Malleable VIs in LabVIEW

By Henrik Hjorth

Mallable VIs were introduced in LabVIEW 2017 to implement generics and can adapt each terminal to the input data type. This allows you to create functions where the data type is not defined in the function itself but is determined during compile- or runtime.

I’ve found this feature quite useful to increase code reuse and often simplifies the block diagram implementation, both during development and afterward when reading the code.

A common use for malleable VIs is to make general functions for array manipulation, such as delete multiple elements from an array, search all elements in an array, or unique insert into an array (i.e. insert an element only if it is not already existing). Here’s an example of an implementation of delete multiple elements from an array.

A malleable VI is created by changing the file extension of a standard VI to .vim. The VI must also be configured to be inlined, have debugging disabled, and set to reentrant execution.

In LabVIEW 2019, property and invoke nodes were accepted to be inlined and supported by malleable VIs as well, making this feature even more useful (see Inlineable property nodes / Invoke nodes when apporopriate – NI Community). Below is an example of a simplified disable control function implemented in a malleable VI. Notice that there is no coercion of the reference and the strict type is kept.

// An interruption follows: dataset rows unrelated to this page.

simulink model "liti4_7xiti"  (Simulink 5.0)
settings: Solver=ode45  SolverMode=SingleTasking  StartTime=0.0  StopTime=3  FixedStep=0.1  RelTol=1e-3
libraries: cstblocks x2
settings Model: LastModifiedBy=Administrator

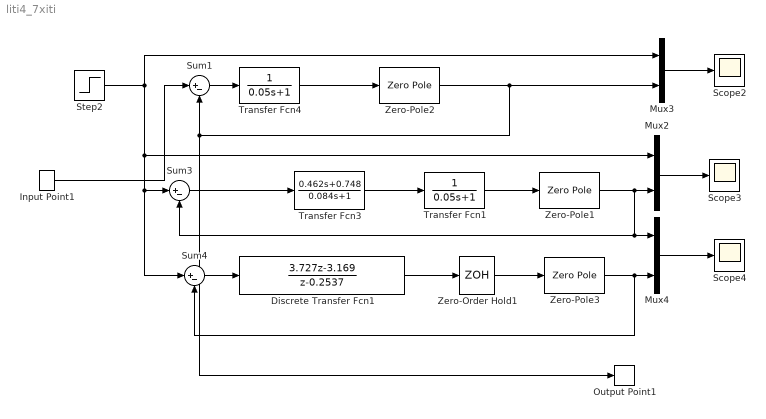
== system liti4_7xiti ==
  Discrete Transfer Fcn1 : DiscreteTransferFcn  Numerator=[3.727 -3.169]  Denominator=[1 -0.2537]  SampleTime=0.1
  Input Point1 : cstblocks/Input Point
  Mux2 : Mux  Inputs=2
  Mux3 : Mux  Inputs=2
  Mux4 : Mux  Inputs=2
  Output Point1 : cstblocks/Output Point
  Scope2 : Scope
      settings: YMin=-3.5  YMax=1  MaxDataPoints=500000
  Scope3 : Scope
      settings: YMin=-3.5  YMax=1  SaveName=ScopeData2  MaxDataPoints=500000
  Scope4 : Scope
      settings: YMin=-3.5  YMax=1  SaveName=yyy  DataFormat=Array  MaxDataPoints=500000
  Step2 : Step  Time=0  SampleTime=0
  Sum1 : Sum  Inputs=|+-  SaturateOnIntegerOverflow=on
  Sum3 : Sum  Inputs=|+-  SaturateOnIntegerOverflow=on
  Sum4 : Sum  Inputs=|+-  SaturateOnIntegerOverflow=on
  Transfer Fcn1 : TransferFcn  Denominator=[0.05 1]
  Transfer Fcn3 : TransferFcn  Numerator=[0.462 0.748]  Denominator=[0.084 1]
  Transfer Fcn4 : TransferFcn  Denominator=[0.05 1]
  Zero-Order Hold1 : ZeroOrderHold  SampleTime=0.1
  Zero-Pole1 : ZeroPole  Zeros=[]  Poles=[0 -1]  Gain=[10]
  Zero-Pole2 : ZeroPole  Zeros=[]  Poles=[0 -1]  Gain=[10]
  Zero-Pole3 : ZeroPole  Zeros=[]  Poles=[0 -1]  Gain=[10]
  wires:
  Step2/1 -> Mux2/1, Sum3/1, Sum4/1, Mux3/1
  Mux2/1 -> Scope3/1
  Zero-Pole1/1 -> Mux2/2, Mux4/1, Sum3/2
  Mux3/1 -> Scope2/1
  Zero-Pole2/1 -> Mux3/2, Sum1/2, Output Point1/1
  Sum1/1 -> Transfer Fcn4/1
  Sum3/1 -> Transfer Fcn3/1
  Mux4/1 -> Scope4/1
  Zero-Pole3/1 -> Mux4/2, Sum4/2
  Discrete Transfer Fcn1/1 -> Zero-Order Hold1/1
  Sum4/1 -> Discrete Transfer Fcn1/1
  Zero-Order Hold1/1 -> Zero-Pole3/1
  Transfer Fcn3/1 -> Transfer Fcn1/1
  Transfer Fcn4/1 -> Zero-Pole2/1
  Transfer Fcn1/1 -> Zero-Pole1/1
  Input Point1/1 -> Sum1/1

Type Specialization Structure was introduced in LabVIEW 2018 and can be used to disable a specific section of the code based on compilation results. This is useful e.g. to handle both scalar and array inputs. The disable control function above can then be extended to handle an array input as well. The input control can be defined either as array or scalar type, both will work as seen below.

Each case in the type specialization structure is assigned either of these values

  • Declined = subdiagram has syntax errors
  • Accepted = first subdiagram to compile without errors
  • Ignored = a previous case in the list is already accepted

To force a malleable VI to decline specific data types or only accept a subset of data types, the Assert Type category functions in the Comparison palette can be used.

Malleable VIs can in some cases lead to broken wires when a polymorphic input of a malleable VI is wired. This happens if the malleable VI cannot properly determine the proper datatype of the output, e.g. if type casting is used or a case structure outputs different data types depending on case. In this scenario, the easiest way to deal with this is to put the part that breaks the functionality into a standard sub VI and call this sub VI from the malleable VI.

This dummy example demonstrates this, the block diagram of the malleable VI is shown to the left. In this case, it will accept numeric values but not e.g. boolean and string data types.

But if moving the case structure to a sub VI, all data types will be accepted.